→ WHAT THE TASK ASKS
For the word "through", return each line of the data in which it occurs.

(Saved data entries)
=-=-=-=-=
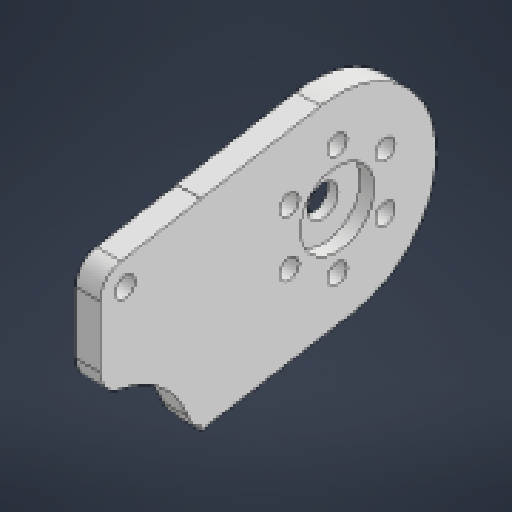
# Autodesk Inventor part: MotorMount
Saved by Autodesk Inventor 2024.2 (Build 282272000, 272)
## iProperties
Created: 2023-12-29
Part Number: MotorMount
Material: 一般
Document SubType Name: Modeling
Designer: Hanaoka
Density: 1 g/cm^3
Appearance: 既定
Author: Hanaoka
Autodesk Inventor part; units mm, degrees
ref_plane "YZ Plane" through (0, 0, 0) normal (1, 0, 0) x (0, 1, 0)
ref_plane "XZ Plane" through (0, 0, 0) normal (0, 1, 0) x (-1, 0, 0)
ref_plane "XY Plane" through (0, 0, 0) normal (0, 0, 1) x (1, 0, 0)
sketch "スケッチ1" plane through (0, 0, 0) normal (1, 0, 0) x (0, 1, 0)
  circle A0 centre (0, 0) radius 3
  circle A1 centre (0, 0) radius 4.5 construction
  circle A2 centre (4.5, 0) radius 0.8
  circle A3 centre (2.25, 3.8971) radius 0.8
  circle A4 centre (-2.25, 3.8971) radius 0.8
  circle A5 centre (-4.5, 0) radius 0.8
  circle A6 centre (-2.25, -3.8971) radius 0.8
  circle A7 centre (2.25, -3.8971) radius 0.8
  line L0 (-25.1126, 0) -> (14.9601, 0) projected
  line L1 (6.2329, 11) -> (-10, 11)
  line L2 (-10, 11) -> (-7.8852, -1.3502)
  circle A8 centre (0, 0) radius 1.25
  line L3 (0, 0) -> (-10, 0) construction
  line L4 (-10, 0) -> (-10, 11) construction
  arc A9 (-7.8852, -1.3502) -> (7.8852, 1.3502) centre (0, 0) ccw
  line L5 (6.2329, 11) -> (7.8852, 1.3502)
  line L6 (-13.5106, 12.8383) -> (-10.0642, 11.2105) projected
  line L7 (-10.0642, 11.2105) -> (-7.9495, -1.1398) projected
  arc A10 (-7.9495, -1.1398) -> (7.821, 1.5607) centre (-0.0642, 0.2105) ccw projected
  line L8 (7.821, 1.5607) -> (5.0943, 17.4845) projected
  arc A11 (5.0943, 17.4845) -> (3.9772, 18.9553) centre (3.123, 17.1469) ccw projected
  line L9 (3.9772, 18.9553) -> (-7.9583, 24.593) projected
  arc A12 (-7.9583, 24.593) -> (-13.5106, 12.8383) centre (-10.7344, 18.7156) ccw projected
  circle A13 centre (-0.0642, 0.2105) radius 1 projected
  circle A14 centre (3.123, 17.1469) radius 0.8 projected
  circle A15 centre (-10.7344, 18.7156) radius 3 projected
  arc A16 (-8.4779, 12.0893) -> (-3.8416, 17.4955) centre (-10.7344, 18.7156) ccw
  line L10 (-1.8722, 19.1469) -> (3.123, 19.1469)
  arc A17 (5.0943, 17.4845) -> (3.123, 19.1469) centre (3.123, 17.1469) ccw
  line L11 (-9.8045, 9.8585) -> (-10, 11)
  arc A18 (-1.8722, 19.1469) -> (-3.8416, 17.4955) centre (-1.8722, 17.1469) ccw
  arc A19 (-8.4779, 12.0893) -> (-9.8045, 9.8585) centre (-7.8332, 10.1961) ccw
  point P0 (7.5963, 0)
  point P1 (-10.1271, 11.742)
  point P2 (-3.7477, 19.1469)
  point P3 (-9.6645, 11)
  point P4 (6.2047, 11)
  point P5 (3.9772, 18.9553)
  dimension "d1" = 9
  dimension "d0" = 6
  dimension "d2" = 1.6
  dimension "d5" = 360
  dimension "d8" = 2.5
  dimension "d13" = 8
  dimension "d14" = 10
  dimension "d15" = 11
  dimension "d16" = 7
  dimension "d17" = 2
  constraints: 14 end point, 13 centre point, 13 point on circle, 7 tangent, 6 point on line, 5 coincident, 3 horizontal, 2 equal radius, 1 collinear, 1 horizontal alignment, 1 parallel, 1 vertical, 15 other
  measures "d0" diameter of A0
  measures "d2" diameter of A2
  measures "d8" diameter of A8
  measures "d13" radius of A9
  measures "d14" distance of L3.start L3.end
  measures "d15" distance of L1.end L3.end
  measures "d16" radius of A16
  measures "d17" radius of A18
extrude "押し出し1" add sketch "スケッチ1" against normal blind 2 contours L0 A8 A0 | L0 A2 A10 A9 L2 A5 A0 | A0 L0 A8 | A0 L0 A5 L2 A19 L1 L8 A10 A2 | A10 L8 L1 L5 A9 L0 | L0 A9 A10 | L2 L1 A19 | L1 A19 A16 A18 L10 A17 A11 L8
extrude "押し出し2" cut sketch "スケッチ1" against normal blind 1.15 contours L0 A8 A0 | A0 L0 A8
=-=-=-=-=
→ ANSWER BELOW
ref_plane "YZ Plane" through (0, 0, 0) normal (1, 0, 0) x (0, 1, 0)
ref_plane "XZ Plane" through (0, 0, 0) normal (0, 1, 0) x (-1, 0, 0)
ref_plane "XY Plane" through (0, 0, 0) normal (0, 0, 1) x (1, 0, 0)
sketch "スケッチ1" plane through (0, 0, 0) normal (1, 0, 0) x (0, 1, 0)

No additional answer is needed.